Roma, 11 dic. (askanews) – “L’obiettivo di questo Intergruppo Parlamentare sui social network è quello di approfondire i temi della dipendenza digitale e l’uso consapevole degli smartphone”. Lo ha detto la presidente dell’Intergruppo Parlamentare Barbara Floridia, nel corso di una conferenza stampa al Senato assieme al vicepresidente dell Filippo Scerra, e al professor Vincenzo Schettini, divulgatore scientifico e presentatore televisivo.

“In maniera trasversale noi legislatori dobbiamo capire e conoscere meglio questa dipendenza dai social che non riguarda solo i giovani ma anche gli adulti. Dobbiamo approfondire il tema e capire qual è l’evoluzione antropologica che si sta sviluppando per poterla normare o quantomeno per capire quelle azioni collettive che servono per proteggere i diritti e le libertà dei cittadini e delle cittadine”, ha spiegato Floridia.

“La nuova sfida, anche come legislatori, è quella di salvare le persone dalla povertà digitale, dalla povertà cognitiva e dalla perdita di sovranità personale, perché i nostri dati sono nostri e dobbiamo sapere quando i privati li usano, perché li usano e come li usano”, ha spiegato Floridia.

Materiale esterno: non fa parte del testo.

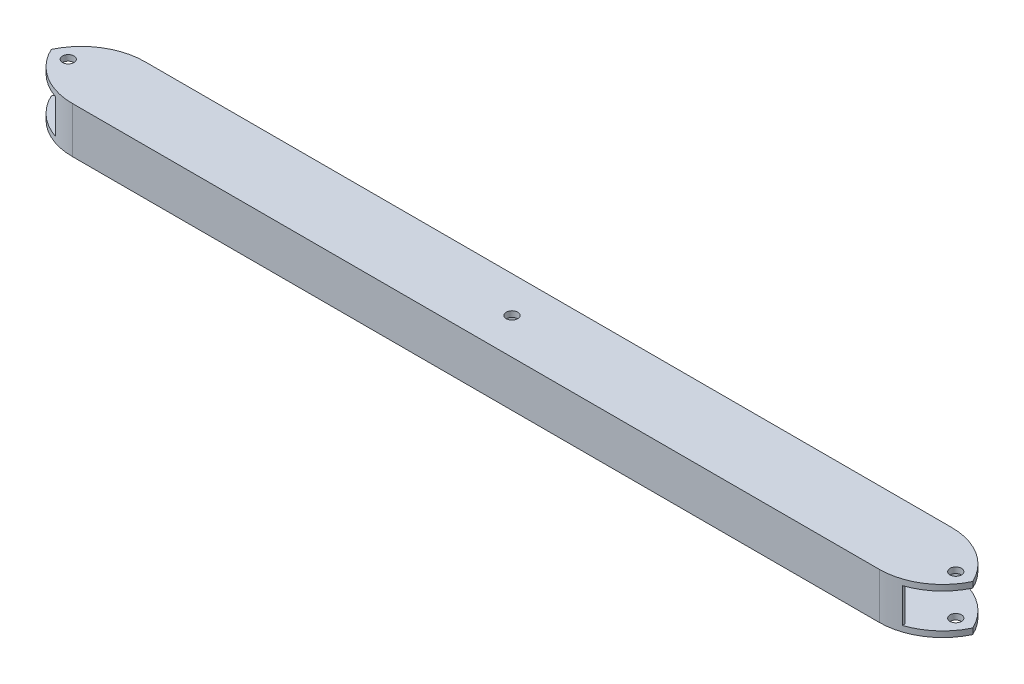
ISO-10303-21;
HEADER;
FILE_DESCRIPTION(('STEP AP214'),'2;1');
FILE_NAME('part.step','',(''),(''),'','','');
FILE_SCHEMA(('AUTOMOTIVE_DESIGN { 1 0 10303 214 1 1 1 1 }'));
ENDSEC;
DATA;
#1=APPLICATION_CONTEXT('core data for automotive mechanical design processes');
#2=APPLICATION_PROTOCOL_DEFINITION('international standard','automotive_design',2000,#1);
#3=PRODUCT_CONTEXT('',#1,'mechanical');
#4=PRODUCT('Part','Part','',(#3));
#5=PRODUCT_RELATED_PRODUCT_CATEGORY('part','',(#4));
#6=PRODUCT_DEFINITION_FORMATION('','',#4);
#7=PRODUCT_DEFINITION_CONTEXT('part definition',#1,'design');
#8=PRODUCT_DEFINITION('design','',#6,#7);
#9=PRODUCT_DEFINITION_SHAPE('','',#8);
#10=(LENGTH_UNIT() NAMED_UNIT(*) SI_UNIT(.MILLI.,.METRE.));
#11=(NAMED_UNIT(*) PLANE_ANGLE_UNIT() SI_UNIT($,.RADIAN.));
#12=(NAMED_UNIT(*) SI_UNIT($,.STERADIAN.) SOLID_ANGLE_UNIT());
#13=UNCERTAINTY_MEASURE_WITH_UNIT(LENGTH_MEASURE(1.E-05),#10,'distance_accuracy_value','');
#14=(GEOMETRIC_REPRESENTATION_CONTEXT(3) GLOBAL_UNCERTAINTY_ASSIGNED_CONTEXT((#13)) GLOBAL_UNIT_ASSIGNED_CONTEXT((#10,
#11,#12)) REPRESENTATION_CONTEXT('',''));
#15=CARTESIAN_POINT('',(0.,0.,0.));
#16=DIRECTION('',(0.,0.,1.));
#17=DIRECTION('',(1.,0.,0.));
#18=AXIS2_PLACEMENT_3D('',#15,#16,#17);
#19=CARTESIAN_POINT('',(515.5,25.4,40.0000000000002));
#20=DIRECTION('',(0.,0.,-1.));
#21=DIRECTION('',(-1.,0.,0.));
#22=AXIS2_PLACEMENT_3D('',#19,#20,#21);
#23=PLANE('',#22);
#24=DIRECTION('',(1.,0.,0.));
#25=VECTOR('',#24,1.);
#26=CARTESIAN_POINT('',(515.5,0.,40.0000000000002));
#27=LINE('',#26,#25);
#28=CARTESIAN_POINT('',(35.,0.,40.0000000000001));
#29=VERTEX_POINT('',#28);
#30=CARTESIAN_POINT('',(480.5,0.,40.0000000000002));
#31=VERTEX_POINT('',#30);
#32=EDGE_CURVE('E222',#29,#31,#27,.T.);
#33=ORIENTED_EDGE('',*,*,#32,.T.);
#34=DIRECTION('',(0.,-1.,0.));
#35=VECTOR('',#34,1.);
#36=CARTESIAN_POINT('',(480.5,25.4,40.0000000000002));
#37=LINE('',#36,#35);
#38=CARTESIAN_POINT('',(480.5,25.4,40.0000000000002));
#39=VERTEX_POINT('',#38);
#40=EDGE_CURVE('E283',#31,#39,#37,.F.);
#41=ORIENTED_EDGE('',*,*,#40,.T.);
#42=DIRECTION('',(1.,0.,0.));
#43=VECTOR('',#42,1.);
#44=CARTESIAN_POINT('',(515.5,25.4,40.0000000000002));
#45=LINE('',#44,#43);
#46=CARTESIAN_POINT('',(35.,25.4,40.0000000000001));
#47=VERTEX_POINT('',#46);
#48=EDGE_CURVE('E225',#47,#39,#45,.T.);
#49=ORIENTED_EDGE('',*,*,#48,.F.);
#50=DIRECTION('',(0.,-1.,0.));
#51=VECTOR('',#50,1.);
#52=CARTESIAN_POINT('',(35.,25.4,40.0000000000001));
#53=LINE('',#52,#51);
#54=EDGE_CURVE('E281',#47,#29,#53,.T.);
#55=ORIENTED_EDGE('',*,*,#54,.T.);
#56=EDGE_LOOP('',(#33,#41,#49,#55));
#57=FACE_BOUND('',#56,.T.);
#58=ADVANCED_FACE('F36',(#57),#23,.F.);
#59=CARTESIAN_POINT('',(0.,25.4,0.));
#60=DIRECTION('',(0.,0.,1.));
#61=DIRECTION('',(1.,0.,0.));
#62=AXIS2_PLACEMENT_3D('',#59,#60,#61);
#63=PLANE('',#62);
#64=DIRECTION('',(0.,-1.,0.));
#65=VECTOR('',#64,1.);
#66=CARTESIAN_POINT('',(480.5,25.4,0.));
#67=LINE('',#66,#65);
#68=CARTESIAN_POINT('',(480.5,25.4,0.));
#69=VERTEX_POINT('',#68);
#70=CARTESIAN_POINT('',(480.5,0.,0.));
#71=VERTEX_POINT('',#70);
#72=EDGE_CURVE('E244',#69,#71,#67,.T.);
#73=ORIENTED_EDGE('',*,*,#72,.T.);
#74=DIRECTION('',(-1.,0.,0.));
#75=VECTOR('',#74,1.);
#76=CARTESIAN_POINT('',(0.,0.,0.));
#77=LINE('',#76,#75);
#78=CARTESIAN_POINT('',(35.,0.,0.));
#79=VERTEX_POINT('',#78);
#80=EDGE_CURVE('E228',#71,#79,#77,.T.);
#81=ORIENTED_EDGE('',*,*,#80,.T.);
#82=DIRECTION('',(0.,-1.,0.));
#83=VECTOR('',#82,1.);
#84=CARTESIAN_POINT('',(35.,25.4,0.));
#85=LINE('',#84,#83);
#86=CARTESIAN_POINT('',(35.,25.4,0.));
#87=VERTEX_POINT('',#86);
#88=EDGE_CURVE('E242',#79,#87,#85,.F.);
#89=ORIENTED_EDGE('',*,*,#88,.T.);
#90=DIRECTION('',(-1.,0.,0.));
#91=VECTOR('',#90,1.);
#92=CARTESIAN_POINT('',(0.,25.4,0.));
#93=LINE('',#92,#91);
#94=EDGE_CURVE('E227',#69,#87,#93,.T.);
#95=ORIENTED_EDGE('',*,*,#94,.F.);
#96=EDGE_LOOP('',(#73,#81,#89,#95));
#97=FACE_BOUND('',#96,.T.);
#98=ADVANCED_FACE('F334',(#97),#63,.F.);
#99=CARTESIAN_POINT('',(257.75,25.4,20.));
#100=DIRECTION('',(0.,-1.,0.));
#101=DIRECTION('',(0.,0.,-1.));
#102=AXIS2_PLACEMENT_3D('',#99,#100,#101);
#103=CYLINDRICAL_SURFACE('',#102,3.17499999999997);
#104=CARTESIAN_POINT('',(257.75,22.225,20.));
#105=DIRECTION('',(0.,1.,0.));
#106=DIRECTION('',(0.,0.,1.));
#107=AXIS2_PLACEMENT_3D('',#104,#105,#106);
#108=CIRCLE('',#107,3.17499999999997);
#109=CARTESIAN_POINT('',(257.75,22.225,23.175));
#110=VERTEX_POINT('',#109);
#111=EDGE_CURVE('E203',#110,#110,#108,.T.);
#112=ORIENTED_EDGE('',*,*,#111,.F.);
#113=EDGE_LOOP('',(#112));
#114=FACE_BOUND('',#113,.T.);
#115=CARTESIAN_POINT('',(257.75,25.4,20.));
#116=DIRECTION('',(0.,1.,0.));
#117=DIRECTION('',(0.,0.,1.));
#118=AXIS2_PLACEMENT_3D('',#115,#116,#117);
#119=CIRCLE('',#118,3.17499999999997);
#120=CARTESIAN_POINT('',(257.75,25.4,23.175));
#121=VERTEX_POINT('',#120);
#122=EDGE_CURVE('E219',#121,#121,#119,.T.);
#123=ORIENTED_EDGE('',*,*,#122,.T.);
#124=EDGE_LOOP('',(#123));
#125=FACE_BOUND('',#124,.T.);
#126=ADVANCED_FACE('F369',(#114,#125),#103,.F.);
#127=CARTESIAN_POINT('',(502.72,25.4,20.));
#128=DIRECTION('',(0.,-1.,0.));
#129=DIRECTION('',(0.,0.,-1.));
#130=AXIS2_PLACEMENT_3D('',#127,#128,#129);
#131=CYLINDRICAL_SURFACE('',#130,3.17500000000008);
#132=CARTESIAN_POINT('',(502.72,22.225,20.));
#133=DIRECTION('',(0.,1.,0.));
#134=DIRECTION('',(0.,0.,1.));
#135=AXIS2_PLACEMENT_3D('',#132,#133,#134);
#136=CIRCLE('',#135,3.17500000000008);
#137=CARTESIAN_POINT('',(502.72,22.225,23.1750000000001));
#138=VERTEX_POINT('',#137);
#139=EDGE_CURVE('E200',#138,#138,#136,.T.);
#140=ORIENTED_EDGE('',*,*,#139,.F.);
#141=EDGE_LOOP('',(#140));
#142=FACE_BOUND('',#141,.T.);
#143=CARTESIAN_POINT('',(502.72,25.4,20.));
#144=DIRECTION('',(0.,1.,0.));
#145=DIRECTION('',(0.,0.,-1.));
#146=AXIS2_PLACEMENT_3D('',#143,#144,#145);
#147=CIRCLE('',#146,3.17500000000008);
#148=CARTESIAN_POINT('',(502.72,25.4,16.8249999999999));
#149=VERTEX_POINT('',#148);
#150=EDGE_CURVE('E213',#149,#149,#147,.T.);
#151=ORIENTED_EDGE('',*,*,#150,.T.);
#152=EDGE_LOOP('',(#151));
#153=FACE_BOUND('',#152,.T.);
#154=ADVANCED_FACE('F362',(#142,#153),#131,.F.);
#155=CARTESIAN_POINT('',(12.78,25.4,20.0000000000001));
#156=DIRECTION('',(0.,-1.,0.));
#157=DIRECTION('',(0.,0.,-1.));
#158=AXIS2_PLACEMENT_3D('',#155,#156,#157);
#159=CYLINDRICAL_SURFACE('',#158,3.175);
#160=CARTESIAN_POINT('',(12.78,22.225,20.0000000000001));
#161=DIRECTION('',(0.,1.,0.));
#162=DIRECTION('',(0.,0.,1.));
#163=AXIS2_PLACEMENT_3D('',#160,#161,#162);
#164=CIRCLE('',#163,3.175);
#165=CARTESIAN_POINT('',(12.78,22.225,23.1750000000001));
#166=VERTEX_POINT('',#165);
#167=EDGE_CURVE('E199',#166,#166,#164,.T.);
#168=ORIENTED_EDGE('',*,*,#167,.F.);
#169=EDGE_LOOP('',(#168));
#170=FACE_BOUND('',#169,.T.);
#171=CARTESIAN_POINT('',(12.78,25.4,20.0000000000001));
#172=DIRECTION('',(0.,1.,0.));
#173=DIRECTION('',(0.,0.,1.));
#174=AXIS2_PLACEMENT_3D('',#171,#172,#173);
#175=CIRCLE('',#174,3.175);
#176=CARTESIAN_POINT('',(12.78,25.4,23.1750000000001));
#177=VERTEX_POINT('',#176);
#178=EDGE_CURVE('E207',#177,#177,#175,.T.);
#179=ORIENTED_EDGE('',*,*,#178,.T.);
#180=EDGE_LOOP('',(#179));
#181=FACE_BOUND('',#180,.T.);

I social network contribuiscono a creare una “disinformazione costante e un deficit sempre di più cognitivo e una dipendenza che contribuisce ad allontanare dalla vita reale, dalle relazioni sociali. Sono rischi che mettono in crisi l’intera società e anche la partecipazione democratica alla vita politica perché spesso i cittadini pensano che scrivere sui social equivalga a partecipare al dibattito pubblico e così non è”, ha spiegato Floridia sottolineando che il primo incontro dell’Intergruppo Parlamentare sarà il 15 gennaio sarà dedicato ai social e il mondo dell’infanzia.

“Tra i primi atti dell’Intergruppo ci sarà l’invito a intervenire in audizione al primo ministro australiano, Anthony Albanese, per approfondire la legge che ha reso l’Australia il primo Paese al mondo a vietare l’uso dei social media ai minori di 16 anni e a imporre alle piattaforme obblighi stringenti di bloccare o disattivare gli account degli under 16, con sanzioni milionarie per chi non si adegua”, ha aggiunto Floridia. “Vogliamo comprendere a fondo l’impatto di questa misura e trarne eventuali spunti per l’Italia”.

Da parte sua Schettino si è rallegrato dell’iniziativa. “E’ un inizio, abbiamo piantato un primo seme. E’ una bella cosa perché questa situazione dei social è un caos e nessuno ha la bacchetta magica per risolverla, ma noi adulti stiamo prendendo coscienza e secondo me anche i ragazzi perché sta salendo un po’ la nausea dell’uso eccessivo degli smartphone. Credo che si debbano coinvolgere i ragazzi un po’ più grandi, i ventenni, credo che ci daranno delle bellissime idee per trovare gli equilibri giusti”.

Per Schettino i pericoli maggiori che possono derivare dall’uso eccessivo dei social sono “la dipendenza, che una volta era appannaggio delle droghe, il convincersi di essere dei falliti e soli”.